Nord E, Wright S H, Kippen I, Wright E M
Am J Physiol. 1982 Nov;243(5):F456-62. doi: 10.1152/ajprenal.1982.243.5.F456.
Brush border membrane vesicles were purified from rabbit renal cortex using a calcium-precipitation procedure, and the uptake of carboxylic acids was determined by a rapid-filtration method. L-Lactate, pyruvate (monocarboxylic acids), and succinate (dicarboxylic acid) demonstrated features of Na+ cotransport: enhanced initial rate (1 s) of uptake with an inward Na+ gradient compared with the Na+ -free control condition and transient accumulation of substrate within the vesicles. Kinetic parameters derived for L-lactate and succinate show that each substrate is transported via single pathway and that the two substrates exhibit marginal cross-inhibition. A range of monocarboxylic acids including pyruvate and ketone bodies appear to interact with the monocarboxylic acid carrier. The kinetics of Nat-dependent pyruvate uptake suggest at least two transport pathways-namely, that this monocarboxylate shares both the mono- and dicarboxylic acid carriers. We conclude that isolated rabbit renal microvillus membranes possess independent transport systems for mono- and polycarboxylic acids.

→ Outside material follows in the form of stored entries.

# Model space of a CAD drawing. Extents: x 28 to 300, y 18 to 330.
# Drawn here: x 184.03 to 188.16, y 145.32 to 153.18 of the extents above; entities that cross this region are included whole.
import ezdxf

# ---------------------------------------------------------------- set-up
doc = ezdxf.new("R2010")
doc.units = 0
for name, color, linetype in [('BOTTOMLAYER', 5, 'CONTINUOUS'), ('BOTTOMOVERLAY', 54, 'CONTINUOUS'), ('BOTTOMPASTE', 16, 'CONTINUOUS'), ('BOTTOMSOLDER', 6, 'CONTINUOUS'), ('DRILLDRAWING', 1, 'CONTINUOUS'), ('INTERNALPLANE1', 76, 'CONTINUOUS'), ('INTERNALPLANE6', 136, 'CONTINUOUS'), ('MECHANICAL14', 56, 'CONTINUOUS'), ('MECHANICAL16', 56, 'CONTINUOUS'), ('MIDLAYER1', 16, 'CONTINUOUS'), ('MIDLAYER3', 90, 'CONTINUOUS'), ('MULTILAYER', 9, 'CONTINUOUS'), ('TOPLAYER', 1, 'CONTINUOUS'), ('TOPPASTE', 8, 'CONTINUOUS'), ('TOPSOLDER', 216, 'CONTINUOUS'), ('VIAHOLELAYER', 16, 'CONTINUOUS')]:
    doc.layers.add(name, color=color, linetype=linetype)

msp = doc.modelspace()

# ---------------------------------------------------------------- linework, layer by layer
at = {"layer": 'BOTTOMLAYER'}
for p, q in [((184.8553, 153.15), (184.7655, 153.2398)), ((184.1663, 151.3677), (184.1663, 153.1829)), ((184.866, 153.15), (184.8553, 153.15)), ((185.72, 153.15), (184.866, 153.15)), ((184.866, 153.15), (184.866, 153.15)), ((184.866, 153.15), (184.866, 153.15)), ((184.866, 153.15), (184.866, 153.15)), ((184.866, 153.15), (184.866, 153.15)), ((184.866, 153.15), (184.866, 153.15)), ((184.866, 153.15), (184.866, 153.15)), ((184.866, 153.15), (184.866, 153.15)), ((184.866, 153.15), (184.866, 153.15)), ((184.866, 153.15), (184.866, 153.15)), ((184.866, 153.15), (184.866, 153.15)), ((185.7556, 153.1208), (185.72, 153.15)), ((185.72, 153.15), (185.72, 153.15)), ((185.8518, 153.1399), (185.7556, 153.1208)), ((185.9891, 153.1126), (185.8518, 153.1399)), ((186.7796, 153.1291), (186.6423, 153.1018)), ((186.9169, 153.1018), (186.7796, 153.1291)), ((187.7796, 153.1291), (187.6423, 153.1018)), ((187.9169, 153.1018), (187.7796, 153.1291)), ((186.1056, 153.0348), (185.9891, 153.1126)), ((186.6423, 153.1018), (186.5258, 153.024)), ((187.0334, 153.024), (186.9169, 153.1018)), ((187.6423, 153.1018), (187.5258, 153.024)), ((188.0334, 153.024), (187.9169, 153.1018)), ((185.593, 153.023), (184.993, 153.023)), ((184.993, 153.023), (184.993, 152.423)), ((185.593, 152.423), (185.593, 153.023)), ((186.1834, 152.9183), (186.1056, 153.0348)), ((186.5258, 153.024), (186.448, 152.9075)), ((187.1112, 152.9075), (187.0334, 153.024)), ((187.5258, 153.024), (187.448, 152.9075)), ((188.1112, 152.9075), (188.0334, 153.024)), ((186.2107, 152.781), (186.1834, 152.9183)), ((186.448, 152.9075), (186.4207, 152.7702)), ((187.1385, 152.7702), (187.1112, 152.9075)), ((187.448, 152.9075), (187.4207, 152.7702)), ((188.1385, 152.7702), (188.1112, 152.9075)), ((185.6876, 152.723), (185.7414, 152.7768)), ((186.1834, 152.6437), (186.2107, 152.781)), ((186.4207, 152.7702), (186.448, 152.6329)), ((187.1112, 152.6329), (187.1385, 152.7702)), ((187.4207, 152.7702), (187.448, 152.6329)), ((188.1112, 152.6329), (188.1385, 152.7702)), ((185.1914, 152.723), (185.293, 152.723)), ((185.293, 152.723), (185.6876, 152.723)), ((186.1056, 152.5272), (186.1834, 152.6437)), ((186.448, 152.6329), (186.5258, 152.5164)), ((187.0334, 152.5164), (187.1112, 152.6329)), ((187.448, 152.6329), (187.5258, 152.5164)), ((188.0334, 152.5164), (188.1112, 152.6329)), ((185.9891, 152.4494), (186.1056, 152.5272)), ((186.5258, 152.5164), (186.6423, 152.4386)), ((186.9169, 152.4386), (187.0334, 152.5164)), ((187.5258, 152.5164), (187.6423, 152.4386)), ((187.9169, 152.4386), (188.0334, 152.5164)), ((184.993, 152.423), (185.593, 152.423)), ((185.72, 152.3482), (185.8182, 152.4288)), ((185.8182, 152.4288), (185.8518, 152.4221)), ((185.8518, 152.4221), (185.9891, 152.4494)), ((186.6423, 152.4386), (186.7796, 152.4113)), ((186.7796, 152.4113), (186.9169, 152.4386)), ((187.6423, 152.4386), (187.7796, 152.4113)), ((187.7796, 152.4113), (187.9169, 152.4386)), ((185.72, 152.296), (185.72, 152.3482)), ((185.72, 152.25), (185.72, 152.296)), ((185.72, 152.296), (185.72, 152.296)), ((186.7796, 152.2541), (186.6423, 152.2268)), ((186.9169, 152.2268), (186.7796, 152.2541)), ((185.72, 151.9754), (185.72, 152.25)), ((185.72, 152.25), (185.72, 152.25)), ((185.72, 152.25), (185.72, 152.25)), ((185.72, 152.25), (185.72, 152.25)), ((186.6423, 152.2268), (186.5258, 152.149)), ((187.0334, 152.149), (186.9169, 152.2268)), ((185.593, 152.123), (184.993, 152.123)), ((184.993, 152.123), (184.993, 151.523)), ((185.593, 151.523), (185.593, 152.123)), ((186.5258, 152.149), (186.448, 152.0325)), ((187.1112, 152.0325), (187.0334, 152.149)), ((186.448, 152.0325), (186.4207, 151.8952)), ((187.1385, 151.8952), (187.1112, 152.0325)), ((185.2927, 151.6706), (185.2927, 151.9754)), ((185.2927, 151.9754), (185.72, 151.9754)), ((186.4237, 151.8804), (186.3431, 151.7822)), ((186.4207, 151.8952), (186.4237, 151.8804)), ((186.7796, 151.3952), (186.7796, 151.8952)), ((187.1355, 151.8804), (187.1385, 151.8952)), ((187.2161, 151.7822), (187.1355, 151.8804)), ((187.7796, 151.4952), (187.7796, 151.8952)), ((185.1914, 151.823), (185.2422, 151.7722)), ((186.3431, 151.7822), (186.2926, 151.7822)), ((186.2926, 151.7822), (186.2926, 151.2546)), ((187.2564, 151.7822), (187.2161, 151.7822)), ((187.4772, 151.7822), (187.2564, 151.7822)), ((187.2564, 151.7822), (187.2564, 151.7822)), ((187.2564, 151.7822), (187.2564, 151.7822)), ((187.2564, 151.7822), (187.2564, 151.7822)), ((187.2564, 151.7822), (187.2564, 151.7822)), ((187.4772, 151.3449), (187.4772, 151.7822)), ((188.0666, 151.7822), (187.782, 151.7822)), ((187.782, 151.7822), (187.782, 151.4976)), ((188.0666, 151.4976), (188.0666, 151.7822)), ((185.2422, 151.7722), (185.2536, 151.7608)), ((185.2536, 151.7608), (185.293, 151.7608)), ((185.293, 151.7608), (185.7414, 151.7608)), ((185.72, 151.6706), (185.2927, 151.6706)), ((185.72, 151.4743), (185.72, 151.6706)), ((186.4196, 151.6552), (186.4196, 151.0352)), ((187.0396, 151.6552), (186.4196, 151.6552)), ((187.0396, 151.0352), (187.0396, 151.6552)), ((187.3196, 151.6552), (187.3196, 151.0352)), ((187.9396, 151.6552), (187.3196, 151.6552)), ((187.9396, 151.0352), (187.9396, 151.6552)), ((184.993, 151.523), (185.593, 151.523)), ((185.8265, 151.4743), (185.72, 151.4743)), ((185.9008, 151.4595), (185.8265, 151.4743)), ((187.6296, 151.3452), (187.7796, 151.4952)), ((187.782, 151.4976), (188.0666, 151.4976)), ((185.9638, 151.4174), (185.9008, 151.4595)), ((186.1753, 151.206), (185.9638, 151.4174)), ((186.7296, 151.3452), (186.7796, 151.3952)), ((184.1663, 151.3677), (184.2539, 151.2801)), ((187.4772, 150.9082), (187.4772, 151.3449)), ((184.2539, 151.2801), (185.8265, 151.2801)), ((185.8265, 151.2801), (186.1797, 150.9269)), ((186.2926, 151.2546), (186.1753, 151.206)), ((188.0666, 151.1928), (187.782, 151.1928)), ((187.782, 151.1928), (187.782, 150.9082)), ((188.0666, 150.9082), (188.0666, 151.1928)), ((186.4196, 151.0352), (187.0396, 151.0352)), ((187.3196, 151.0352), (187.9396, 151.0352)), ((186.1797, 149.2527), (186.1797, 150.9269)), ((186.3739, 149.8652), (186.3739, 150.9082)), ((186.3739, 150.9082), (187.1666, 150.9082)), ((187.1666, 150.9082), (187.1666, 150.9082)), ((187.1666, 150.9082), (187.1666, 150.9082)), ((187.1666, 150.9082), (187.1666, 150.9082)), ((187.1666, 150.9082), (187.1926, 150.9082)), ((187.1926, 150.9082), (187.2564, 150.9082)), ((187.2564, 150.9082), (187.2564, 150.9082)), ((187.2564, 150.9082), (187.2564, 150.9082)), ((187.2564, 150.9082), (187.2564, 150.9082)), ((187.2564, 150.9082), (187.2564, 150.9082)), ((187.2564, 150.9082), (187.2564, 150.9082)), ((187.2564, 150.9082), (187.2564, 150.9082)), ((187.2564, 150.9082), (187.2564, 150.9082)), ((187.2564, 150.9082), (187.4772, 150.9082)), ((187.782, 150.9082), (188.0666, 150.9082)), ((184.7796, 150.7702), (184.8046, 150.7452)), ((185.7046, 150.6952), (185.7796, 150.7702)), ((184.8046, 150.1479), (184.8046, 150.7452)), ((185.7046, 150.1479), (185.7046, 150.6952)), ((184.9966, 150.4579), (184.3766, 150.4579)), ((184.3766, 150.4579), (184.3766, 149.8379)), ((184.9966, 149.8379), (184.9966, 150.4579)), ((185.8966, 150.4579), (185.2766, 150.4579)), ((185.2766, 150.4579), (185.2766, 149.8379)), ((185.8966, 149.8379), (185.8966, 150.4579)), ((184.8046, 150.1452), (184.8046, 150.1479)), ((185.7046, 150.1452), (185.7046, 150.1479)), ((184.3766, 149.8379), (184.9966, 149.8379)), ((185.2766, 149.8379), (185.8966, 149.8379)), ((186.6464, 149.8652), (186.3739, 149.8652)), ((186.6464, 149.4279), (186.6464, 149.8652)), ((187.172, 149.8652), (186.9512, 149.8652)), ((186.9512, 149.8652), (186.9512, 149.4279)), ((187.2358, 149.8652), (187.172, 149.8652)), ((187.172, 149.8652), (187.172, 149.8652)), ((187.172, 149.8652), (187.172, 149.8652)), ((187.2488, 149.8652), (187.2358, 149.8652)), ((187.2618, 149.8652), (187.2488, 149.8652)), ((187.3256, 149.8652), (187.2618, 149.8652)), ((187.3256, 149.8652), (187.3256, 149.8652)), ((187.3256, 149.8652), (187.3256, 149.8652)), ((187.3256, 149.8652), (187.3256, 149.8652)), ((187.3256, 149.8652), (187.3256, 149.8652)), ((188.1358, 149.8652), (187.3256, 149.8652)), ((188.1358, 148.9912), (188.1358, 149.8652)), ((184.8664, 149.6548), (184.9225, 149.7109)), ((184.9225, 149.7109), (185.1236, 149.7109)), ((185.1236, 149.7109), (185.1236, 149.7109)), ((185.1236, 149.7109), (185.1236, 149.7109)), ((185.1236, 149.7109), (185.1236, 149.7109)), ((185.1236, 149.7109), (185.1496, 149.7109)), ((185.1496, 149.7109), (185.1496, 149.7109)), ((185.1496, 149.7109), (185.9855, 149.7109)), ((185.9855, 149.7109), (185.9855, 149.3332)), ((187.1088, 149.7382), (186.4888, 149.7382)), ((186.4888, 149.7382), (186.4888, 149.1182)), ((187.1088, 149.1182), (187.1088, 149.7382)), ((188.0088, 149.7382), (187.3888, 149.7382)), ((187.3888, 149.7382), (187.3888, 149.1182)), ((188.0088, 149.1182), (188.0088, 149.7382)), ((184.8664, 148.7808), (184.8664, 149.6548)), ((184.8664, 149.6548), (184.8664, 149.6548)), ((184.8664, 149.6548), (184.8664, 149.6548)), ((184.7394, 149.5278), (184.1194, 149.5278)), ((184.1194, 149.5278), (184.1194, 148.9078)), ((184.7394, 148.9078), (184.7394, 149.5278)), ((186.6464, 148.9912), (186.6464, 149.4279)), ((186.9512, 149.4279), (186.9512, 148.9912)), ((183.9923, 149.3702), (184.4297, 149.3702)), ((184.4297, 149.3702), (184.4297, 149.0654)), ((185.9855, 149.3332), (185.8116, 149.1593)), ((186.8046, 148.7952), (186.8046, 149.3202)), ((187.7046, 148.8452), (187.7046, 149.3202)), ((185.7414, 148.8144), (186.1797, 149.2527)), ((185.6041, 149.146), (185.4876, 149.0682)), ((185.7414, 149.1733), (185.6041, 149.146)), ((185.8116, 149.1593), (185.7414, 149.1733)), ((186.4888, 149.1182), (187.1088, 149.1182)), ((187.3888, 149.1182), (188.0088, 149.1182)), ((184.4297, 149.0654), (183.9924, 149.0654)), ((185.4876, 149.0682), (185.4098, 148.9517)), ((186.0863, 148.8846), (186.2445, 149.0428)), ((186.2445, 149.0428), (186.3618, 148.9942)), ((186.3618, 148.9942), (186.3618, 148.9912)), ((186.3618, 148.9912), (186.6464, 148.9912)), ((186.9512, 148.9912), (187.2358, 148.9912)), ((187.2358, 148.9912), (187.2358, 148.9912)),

采用钙沉淀法从兔肾皮质中纯化刷状缘膜囊泡,并用快速过滤法测定羧酸的摄取。L-乳酸、丙酮酸(一元羧酸)和琥珀酸(二元羧酸)表现出Na⁺协同转运的特征:与无Na⁺对照条件相比,在存在内向Na⁺梯度时摄取的初始速率(1秒)增强,且底物在囊泡内短暂积累。L-乳酸和琥珀酸的动力学参数表明,每种底物都通过单一途径转运,且两种底物表现出轻微的交叉抑制。包括丙酮酸和酮体在内的一系列一元羧酸似乎与一元羧酸载体相互作用。Na⁺依赖性丙酮酸摄取的动力学表明至少有两条转运途径,即这种一元羧酸盐同时共享一元和二元羧酸载体。我们得出结论,分离的兔肾微绒毛膜具有独立的一元和多元羧酸转运系统。